#### [What to produce]
Two lines mark the range in the entries below: the one holding "#187=LINE('',#186,#185);" and the one holding "#212=CARTESIAN_POINT('',(59.182,-1.30175,5.7912));". Set down those two and all lines between them, exactly.

#### Material shown

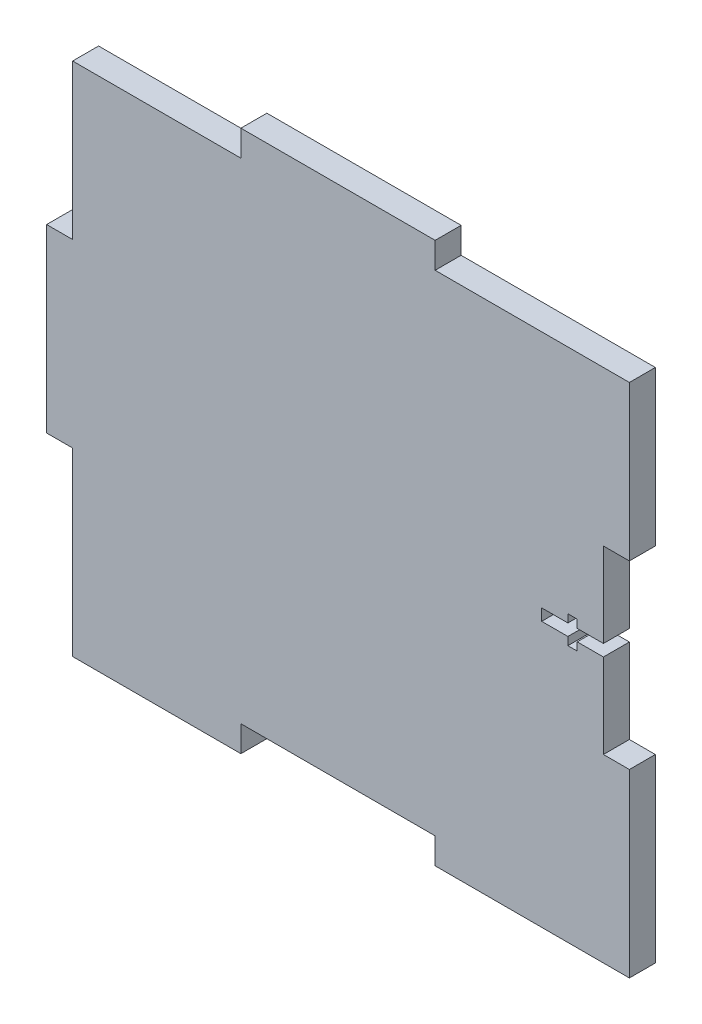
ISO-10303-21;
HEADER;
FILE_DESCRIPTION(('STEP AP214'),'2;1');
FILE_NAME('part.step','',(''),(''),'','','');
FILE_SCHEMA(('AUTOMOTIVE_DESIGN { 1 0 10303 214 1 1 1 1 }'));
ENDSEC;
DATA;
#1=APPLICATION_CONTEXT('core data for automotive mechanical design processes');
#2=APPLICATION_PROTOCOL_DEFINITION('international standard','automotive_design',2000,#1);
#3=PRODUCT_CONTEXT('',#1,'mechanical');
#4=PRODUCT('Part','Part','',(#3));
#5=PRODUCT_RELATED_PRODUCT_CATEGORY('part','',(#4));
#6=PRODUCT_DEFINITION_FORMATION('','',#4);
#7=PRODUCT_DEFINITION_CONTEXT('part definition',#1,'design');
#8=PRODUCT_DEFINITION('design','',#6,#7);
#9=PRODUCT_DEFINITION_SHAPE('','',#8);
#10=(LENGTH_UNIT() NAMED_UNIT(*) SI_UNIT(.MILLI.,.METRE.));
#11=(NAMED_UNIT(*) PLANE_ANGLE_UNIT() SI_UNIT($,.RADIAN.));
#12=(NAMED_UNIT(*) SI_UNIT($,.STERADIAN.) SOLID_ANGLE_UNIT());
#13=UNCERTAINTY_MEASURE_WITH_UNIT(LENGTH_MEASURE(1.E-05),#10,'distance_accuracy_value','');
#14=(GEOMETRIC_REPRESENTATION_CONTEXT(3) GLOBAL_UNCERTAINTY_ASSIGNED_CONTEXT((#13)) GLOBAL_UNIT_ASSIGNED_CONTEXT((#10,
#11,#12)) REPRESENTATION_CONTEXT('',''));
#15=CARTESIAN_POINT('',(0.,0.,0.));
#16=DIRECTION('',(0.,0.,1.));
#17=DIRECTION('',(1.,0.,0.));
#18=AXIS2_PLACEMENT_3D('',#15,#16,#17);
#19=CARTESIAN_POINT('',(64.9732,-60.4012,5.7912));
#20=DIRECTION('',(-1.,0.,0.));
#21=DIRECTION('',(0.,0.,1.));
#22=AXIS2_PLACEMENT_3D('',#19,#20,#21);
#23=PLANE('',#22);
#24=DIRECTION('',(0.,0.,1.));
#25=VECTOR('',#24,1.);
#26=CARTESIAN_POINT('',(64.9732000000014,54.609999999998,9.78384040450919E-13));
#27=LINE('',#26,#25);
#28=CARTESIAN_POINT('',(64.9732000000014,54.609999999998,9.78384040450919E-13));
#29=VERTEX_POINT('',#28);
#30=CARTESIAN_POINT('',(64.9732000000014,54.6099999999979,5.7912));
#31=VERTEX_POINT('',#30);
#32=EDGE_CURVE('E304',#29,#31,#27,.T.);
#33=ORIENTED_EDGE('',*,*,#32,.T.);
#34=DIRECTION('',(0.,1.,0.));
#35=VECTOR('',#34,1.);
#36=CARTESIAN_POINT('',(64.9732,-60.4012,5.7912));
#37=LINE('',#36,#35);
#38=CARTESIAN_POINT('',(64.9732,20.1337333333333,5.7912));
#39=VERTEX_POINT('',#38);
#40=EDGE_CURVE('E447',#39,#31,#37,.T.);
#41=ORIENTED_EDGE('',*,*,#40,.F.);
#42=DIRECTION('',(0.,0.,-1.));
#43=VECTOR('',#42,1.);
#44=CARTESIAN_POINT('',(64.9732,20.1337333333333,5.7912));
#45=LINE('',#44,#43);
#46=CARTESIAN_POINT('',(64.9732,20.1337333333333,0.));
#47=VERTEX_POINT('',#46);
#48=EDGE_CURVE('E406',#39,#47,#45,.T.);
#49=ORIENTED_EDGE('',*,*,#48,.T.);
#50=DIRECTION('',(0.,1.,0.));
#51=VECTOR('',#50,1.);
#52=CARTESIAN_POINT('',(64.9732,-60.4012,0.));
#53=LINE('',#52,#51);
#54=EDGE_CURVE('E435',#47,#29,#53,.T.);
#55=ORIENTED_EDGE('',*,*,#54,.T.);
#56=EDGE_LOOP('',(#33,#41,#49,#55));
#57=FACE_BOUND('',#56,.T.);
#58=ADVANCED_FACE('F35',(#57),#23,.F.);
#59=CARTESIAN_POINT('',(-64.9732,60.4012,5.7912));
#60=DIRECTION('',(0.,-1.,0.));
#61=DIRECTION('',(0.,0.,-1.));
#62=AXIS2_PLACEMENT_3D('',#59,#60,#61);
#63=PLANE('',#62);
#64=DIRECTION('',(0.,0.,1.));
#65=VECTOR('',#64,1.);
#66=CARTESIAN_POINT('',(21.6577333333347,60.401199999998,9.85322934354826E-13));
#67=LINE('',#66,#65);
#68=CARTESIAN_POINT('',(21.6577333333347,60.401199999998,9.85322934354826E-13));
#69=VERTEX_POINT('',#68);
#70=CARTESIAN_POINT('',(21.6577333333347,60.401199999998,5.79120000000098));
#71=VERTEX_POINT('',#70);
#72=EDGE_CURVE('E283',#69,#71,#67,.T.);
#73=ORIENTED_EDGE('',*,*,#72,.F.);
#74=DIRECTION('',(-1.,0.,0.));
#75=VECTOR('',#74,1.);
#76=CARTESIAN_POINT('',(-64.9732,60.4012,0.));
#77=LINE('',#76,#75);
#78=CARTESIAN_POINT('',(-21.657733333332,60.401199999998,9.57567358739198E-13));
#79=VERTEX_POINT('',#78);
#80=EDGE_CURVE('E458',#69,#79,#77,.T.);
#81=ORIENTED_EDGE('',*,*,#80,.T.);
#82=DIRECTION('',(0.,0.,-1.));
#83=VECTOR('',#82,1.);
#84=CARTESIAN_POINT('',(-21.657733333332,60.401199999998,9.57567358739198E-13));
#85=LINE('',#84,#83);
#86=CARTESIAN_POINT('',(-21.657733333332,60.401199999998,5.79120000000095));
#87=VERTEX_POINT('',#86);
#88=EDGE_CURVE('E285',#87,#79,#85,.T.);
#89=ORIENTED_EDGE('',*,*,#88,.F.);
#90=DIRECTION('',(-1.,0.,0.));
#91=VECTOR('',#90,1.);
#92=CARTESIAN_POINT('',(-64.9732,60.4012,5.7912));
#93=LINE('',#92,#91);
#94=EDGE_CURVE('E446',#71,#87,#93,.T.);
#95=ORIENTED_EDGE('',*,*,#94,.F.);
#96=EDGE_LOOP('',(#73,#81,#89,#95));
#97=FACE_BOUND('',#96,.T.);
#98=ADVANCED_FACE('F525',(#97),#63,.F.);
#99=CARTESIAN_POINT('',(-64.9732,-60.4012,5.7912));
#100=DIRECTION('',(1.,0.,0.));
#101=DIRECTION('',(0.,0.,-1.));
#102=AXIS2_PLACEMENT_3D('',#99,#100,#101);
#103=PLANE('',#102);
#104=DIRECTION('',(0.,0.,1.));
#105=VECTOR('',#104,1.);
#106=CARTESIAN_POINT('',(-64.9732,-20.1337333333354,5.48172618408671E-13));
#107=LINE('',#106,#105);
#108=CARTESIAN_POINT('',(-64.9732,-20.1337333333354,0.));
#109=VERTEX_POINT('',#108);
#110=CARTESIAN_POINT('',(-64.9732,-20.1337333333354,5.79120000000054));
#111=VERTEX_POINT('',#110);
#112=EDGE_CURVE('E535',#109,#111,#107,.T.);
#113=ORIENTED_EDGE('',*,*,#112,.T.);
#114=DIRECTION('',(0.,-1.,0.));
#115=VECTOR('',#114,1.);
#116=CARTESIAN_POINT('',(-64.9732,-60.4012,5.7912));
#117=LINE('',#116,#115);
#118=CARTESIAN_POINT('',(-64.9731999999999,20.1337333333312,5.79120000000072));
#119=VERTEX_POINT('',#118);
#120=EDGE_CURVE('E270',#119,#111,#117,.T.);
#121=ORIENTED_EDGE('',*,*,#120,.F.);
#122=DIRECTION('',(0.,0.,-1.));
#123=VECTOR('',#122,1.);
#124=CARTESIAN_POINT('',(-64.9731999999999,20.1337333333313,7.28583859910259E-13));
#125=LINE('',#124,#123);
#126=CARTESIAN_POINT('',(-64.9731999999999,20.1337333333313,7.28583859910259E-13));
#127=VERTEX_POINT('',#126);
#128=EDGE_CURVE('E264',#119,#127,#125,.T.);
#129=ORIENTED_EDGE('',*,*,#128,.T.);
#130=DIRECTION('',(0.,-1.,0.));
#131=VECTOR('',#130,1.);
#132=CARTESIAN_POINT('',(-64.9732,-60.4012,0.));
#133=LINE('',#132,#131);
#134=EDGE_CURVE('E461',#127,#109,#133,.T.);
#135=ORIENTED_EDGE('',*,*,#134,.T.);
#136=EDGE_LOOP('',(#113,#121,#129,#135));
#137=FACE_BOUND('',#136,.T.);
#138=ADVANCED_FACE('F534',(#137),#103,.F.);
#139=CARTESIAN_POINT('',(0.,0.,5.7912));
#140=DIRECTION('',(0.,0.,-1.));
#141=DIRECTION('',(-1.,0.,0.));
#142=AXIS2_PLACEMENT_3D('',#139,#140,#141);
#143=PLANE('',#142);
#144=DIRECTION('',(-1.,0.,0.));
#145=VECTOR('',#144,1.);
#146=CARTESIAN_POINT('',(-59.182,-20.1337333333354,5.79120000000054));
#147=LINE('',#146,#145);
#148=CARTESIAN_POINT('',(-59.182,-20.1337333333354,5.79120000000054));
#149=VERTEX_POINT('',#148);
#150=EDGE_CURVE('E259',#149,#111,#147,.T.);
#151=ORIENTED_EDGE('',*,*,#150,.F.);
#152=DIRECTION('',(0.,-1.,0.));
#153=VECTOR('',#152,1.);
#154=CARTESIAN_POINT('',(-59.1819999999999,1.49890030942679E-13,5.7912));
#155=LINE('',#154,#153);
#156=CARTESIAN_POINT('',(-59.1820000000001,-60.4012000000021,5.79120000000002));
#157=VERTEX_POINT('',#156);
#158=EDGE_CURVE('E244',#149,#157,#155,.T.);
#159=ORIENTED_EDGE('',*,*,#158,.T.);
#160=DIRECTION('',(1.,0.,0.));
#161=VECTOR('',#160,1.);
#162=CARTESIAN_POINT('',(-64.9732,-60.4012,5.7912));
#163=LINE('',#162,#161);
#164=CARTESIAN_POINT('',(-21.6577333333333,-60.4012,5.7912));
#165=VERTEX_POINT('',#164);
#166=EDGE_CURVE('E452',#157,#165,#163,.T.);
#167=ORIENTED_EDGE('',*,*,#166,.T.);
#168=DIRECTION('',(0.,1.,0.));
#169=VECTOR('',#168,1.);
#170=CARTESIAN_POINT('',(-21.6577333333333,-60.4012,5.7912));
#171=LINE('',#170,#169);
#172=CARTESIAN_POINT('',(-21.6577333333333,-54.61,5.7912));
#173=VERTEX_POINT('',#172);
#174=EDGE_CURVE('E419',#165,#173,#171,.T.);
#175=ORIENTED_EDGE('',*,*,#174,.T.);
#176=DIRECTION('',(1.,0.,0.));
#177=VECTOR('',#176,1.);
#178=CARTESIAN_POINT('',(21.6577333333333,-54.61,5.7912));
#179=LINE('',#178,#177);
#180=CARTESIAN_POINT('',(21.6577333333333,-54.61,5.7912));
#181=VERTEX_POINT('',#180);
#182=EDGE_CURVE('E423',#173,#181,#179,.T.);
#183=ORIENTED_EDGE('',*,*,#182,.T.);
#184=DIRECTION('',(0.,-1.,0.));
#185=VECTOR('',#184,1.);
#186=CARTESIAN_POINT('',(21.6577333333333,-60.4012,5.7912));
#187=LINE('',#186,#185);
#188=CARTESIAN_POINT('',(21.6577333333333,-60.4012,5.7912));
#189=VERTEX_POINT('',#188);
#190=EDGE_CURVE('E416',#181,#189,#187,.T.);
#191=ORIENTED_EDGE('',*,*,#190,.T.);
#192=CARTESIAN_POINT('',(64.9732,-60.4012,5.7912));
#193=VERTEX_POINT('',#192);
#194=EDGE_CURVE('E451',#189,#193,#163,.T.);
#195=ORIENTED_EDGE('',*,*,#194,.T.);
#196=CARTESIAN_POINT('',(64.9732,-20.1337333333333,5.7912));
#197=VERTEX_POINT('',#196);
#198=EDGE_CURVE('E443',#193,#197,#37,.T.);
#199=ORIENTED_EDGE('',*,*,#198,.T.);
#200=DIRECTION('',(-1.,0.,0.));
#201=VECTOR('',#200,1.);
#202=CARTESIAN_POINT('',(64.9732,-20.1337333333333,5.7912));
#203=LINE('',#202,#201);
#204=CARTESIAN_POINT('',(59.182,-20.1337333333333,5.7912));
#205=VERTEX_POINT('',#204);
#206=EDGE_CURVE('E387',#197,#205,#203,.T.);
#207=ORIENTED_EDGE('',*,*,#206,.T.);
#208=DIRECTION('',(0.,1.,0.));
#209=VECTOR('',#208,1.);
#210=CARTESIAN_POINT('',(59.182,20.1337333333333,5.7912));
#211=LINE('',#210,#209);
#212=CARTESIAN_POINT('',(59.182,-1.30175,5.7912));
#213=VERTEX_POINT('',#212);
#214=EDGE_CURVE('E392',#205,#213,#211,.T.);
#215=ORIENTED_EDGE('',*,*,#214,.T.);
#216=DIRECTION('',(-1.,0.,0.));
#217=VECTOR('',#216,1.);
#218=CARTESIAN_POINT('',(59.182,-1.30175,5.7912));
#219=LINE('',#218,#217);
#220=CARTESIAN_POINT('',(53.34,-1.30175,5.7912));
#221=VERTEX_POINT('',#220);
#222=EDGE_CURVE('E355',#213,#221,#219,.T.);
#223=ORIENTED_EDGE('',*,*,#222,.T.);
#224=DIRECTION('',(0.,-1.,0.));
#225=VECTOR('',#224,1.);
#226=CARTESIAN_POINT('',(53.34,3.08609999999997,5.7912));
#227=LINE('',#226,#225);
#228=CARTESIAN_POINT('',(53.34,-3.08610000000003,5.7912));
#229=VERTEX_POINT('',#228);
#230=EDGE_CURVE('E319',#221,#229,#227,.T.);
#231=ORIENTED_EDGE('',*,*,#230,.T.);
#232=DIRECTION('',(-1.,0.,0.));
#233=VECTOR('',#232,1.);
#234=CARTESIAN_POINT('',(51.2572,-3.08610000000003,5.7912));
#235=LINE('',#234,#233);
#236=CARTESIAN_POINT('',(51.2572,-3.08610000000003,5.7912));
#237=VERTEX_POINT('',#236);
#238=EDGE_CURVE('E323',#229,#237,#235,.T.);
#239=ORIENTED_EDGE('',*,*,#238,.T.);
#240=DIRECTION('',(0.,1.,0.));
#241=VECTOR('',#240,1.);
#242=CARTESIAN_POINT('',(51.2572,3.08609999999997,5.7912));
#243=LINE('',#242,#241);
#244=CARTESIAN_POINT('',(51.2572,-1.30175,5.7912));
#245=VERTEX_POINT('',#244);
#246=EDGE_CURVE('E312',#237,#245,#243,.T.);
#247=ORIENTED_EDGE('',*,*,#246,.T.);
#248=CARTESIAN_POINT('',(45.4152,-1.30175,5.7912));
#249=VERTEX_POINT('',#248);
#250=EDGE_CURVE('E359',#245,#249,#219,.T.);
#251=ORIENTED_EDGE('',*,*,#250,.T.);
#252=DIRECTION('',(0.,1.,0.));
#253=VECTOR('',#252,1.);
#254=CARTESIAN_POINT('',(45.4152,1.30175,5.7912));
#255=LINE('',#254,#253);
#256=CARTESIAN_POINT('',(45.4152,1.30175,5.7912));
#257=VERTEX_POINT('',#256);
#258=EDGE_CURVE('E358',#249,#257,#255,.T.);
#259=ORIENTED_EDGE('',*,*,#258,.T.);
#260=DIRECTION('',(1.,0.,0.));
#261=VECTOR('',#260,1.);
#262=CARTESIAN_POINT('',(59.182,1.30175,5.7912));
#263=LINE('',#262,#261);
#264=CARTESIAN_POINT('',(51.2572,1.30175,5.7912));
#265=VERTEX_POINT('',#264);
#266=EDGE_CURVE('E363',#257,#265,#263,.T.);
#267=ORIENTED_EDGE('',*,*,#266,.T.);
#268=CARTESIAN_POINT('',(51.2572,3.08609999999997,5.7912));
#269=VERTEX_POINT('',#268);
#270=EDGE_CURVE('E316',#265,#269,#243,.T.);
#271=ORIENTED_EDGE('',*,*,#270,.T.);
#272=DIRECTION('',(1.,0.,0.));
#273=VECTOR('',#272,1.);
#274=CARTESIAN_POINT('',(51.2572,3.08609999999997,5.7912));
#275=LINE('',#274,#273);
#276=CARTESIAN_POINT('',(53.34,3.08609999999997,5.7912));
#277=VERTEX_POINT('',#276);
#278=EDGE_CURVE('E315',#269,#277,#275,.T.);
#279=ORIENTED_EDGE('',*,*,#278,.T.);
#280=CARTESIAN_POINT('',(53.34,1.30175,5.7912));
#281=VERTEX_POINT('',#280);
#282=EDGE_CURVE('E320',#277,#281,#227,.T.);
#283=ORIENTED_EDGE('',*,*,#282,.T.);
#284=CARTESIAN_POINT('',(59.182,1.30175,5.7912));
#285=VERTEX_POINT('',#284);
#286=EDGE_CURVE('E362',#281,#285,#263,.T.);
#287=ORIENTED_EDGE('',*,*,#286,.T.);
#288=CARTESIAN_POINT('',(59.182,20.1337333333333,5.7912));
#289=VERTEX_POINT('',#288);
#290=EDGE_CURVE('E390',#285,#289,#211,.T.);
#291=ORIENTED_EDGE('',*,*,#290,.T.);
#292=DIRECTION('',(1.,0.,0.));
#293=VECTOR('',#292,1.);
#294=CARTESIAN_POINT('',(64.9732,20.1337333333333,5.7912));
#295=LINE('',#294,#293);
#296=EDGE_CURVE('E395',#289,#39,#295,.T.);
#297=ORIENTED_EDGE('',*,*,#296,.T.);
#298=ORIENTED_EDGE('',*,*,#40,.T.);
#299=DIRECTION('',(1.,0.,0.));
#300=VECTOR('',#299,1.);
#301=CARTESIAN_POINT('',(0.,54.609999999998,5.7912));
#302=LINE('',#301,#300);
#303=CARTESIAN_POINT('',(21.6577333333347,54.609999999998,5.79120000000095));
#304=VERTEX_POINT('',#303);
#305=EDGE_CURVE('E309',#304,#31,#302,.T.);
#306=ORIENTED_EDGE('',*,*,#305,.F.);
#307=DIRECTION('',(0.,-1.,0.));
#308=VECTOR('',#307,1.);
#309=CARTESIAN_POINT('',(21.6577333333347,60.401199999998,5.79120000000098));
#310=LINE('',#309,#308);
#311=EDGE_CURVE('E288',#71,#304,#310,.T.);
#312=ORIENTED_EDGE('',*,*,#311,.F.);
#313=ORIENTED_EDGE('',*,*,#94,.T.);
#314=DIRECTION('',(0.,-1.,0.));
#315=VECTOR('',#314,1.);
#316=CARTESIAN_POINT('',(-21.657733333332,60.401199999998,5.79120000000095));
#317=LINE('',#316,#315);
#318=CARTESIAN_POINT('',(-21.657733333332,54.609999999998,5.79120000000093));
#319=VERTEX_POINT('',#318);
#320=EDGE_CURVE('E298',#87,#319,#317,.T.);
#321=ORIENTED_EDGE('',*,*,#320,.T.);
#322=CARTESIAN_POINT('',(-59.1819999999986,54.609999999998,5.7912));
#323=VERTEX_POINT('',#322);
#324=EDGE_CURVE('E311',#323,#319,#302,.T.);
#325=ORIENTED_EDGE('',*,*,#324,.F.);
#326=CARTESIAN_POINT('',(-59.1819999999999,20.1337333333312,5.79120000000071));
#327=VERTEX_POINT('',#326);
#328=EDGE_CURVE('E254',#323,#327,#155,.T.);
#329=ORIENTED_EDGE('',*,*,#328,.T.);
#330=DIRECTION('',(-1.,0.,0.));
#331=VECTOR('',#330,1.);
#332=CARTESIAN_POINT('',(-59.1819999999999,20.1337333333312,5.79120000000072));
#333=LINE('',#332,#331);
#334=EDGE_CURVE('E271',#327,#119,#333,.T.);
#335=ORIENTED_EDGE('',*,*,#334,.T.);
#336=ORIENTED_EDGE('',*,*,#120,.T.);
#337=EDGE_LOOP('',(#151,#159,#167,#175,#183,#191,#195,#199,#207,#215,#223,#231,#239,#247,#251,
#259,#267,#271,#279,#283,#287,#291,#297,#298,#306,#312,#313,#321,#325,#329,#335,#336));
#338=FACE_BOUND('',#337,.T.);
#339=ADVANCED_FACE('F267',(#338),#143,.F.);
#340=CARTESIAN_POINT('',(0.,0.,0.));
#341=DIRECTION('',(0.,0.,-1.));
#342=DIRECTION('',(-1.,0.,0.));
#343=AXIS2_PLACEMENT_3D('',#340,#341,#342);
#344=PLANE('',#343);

########

#### [Response to this exercise]
#187=LINE('',#186,#185);
#188=CARTESIAN_POINT('',(21.6577333333333,-60.4012,5.7912));
#189=VERTEX_POINT('',#188);
#190=EDGE_CURVE('E416',#181,#189,#187,.T.);
#191=ORIENTED_EDGE('',*,*,#190,.T.);
#192=CARTESIAN_POINT('',(64.9732,-60.4012,5.7912));
#193=VERTEX_POINT('',#192);
#194=EDGE_CURVE('E451',#189,#193,#163,.T.);
#195=ORIENTED_EDGE('',*,*,#194,.T.);
#196=CARTESIAN_POINT('',(64.9732,-20.1337333333333,5.7912));
#197=VERTEX_POINT('',#196);
#198=EDGE_CURVE('E443',#193,#197,#37,.T.);
#199=ORIENTED_EDGE('',*,*,#198,.T.);
#200=DIRECTION('',(-1.,0.,0.));
#201=VECTOR('',#200,1.);
#202=CARTESIAN_POINT('',(64.9732,-20.1337333333333,5.7912));
#203=LINE('',#202,#201);
#204=CARTESIAN_POINT('',(59.182,-20.1337333333333,5.7912));
#205=VERTEX_POINT('',#204);
#206=EDGE_CURVE('E387',#197,#205,#203,.T.);
#207=ORIENTED_EDGE('',*,*,#206,.T.);
#208=DIRECTION('',(0.,1.,0.));
#209=VECTOR('',#208,1.);
#210=CARTESIAN_POINT('',(59.182,20.1337333333333,5.7912));
#211=LINE('',#210,#209);
#212=CARTESIAN_POINT('',(59.182,-1.30175,5.7912));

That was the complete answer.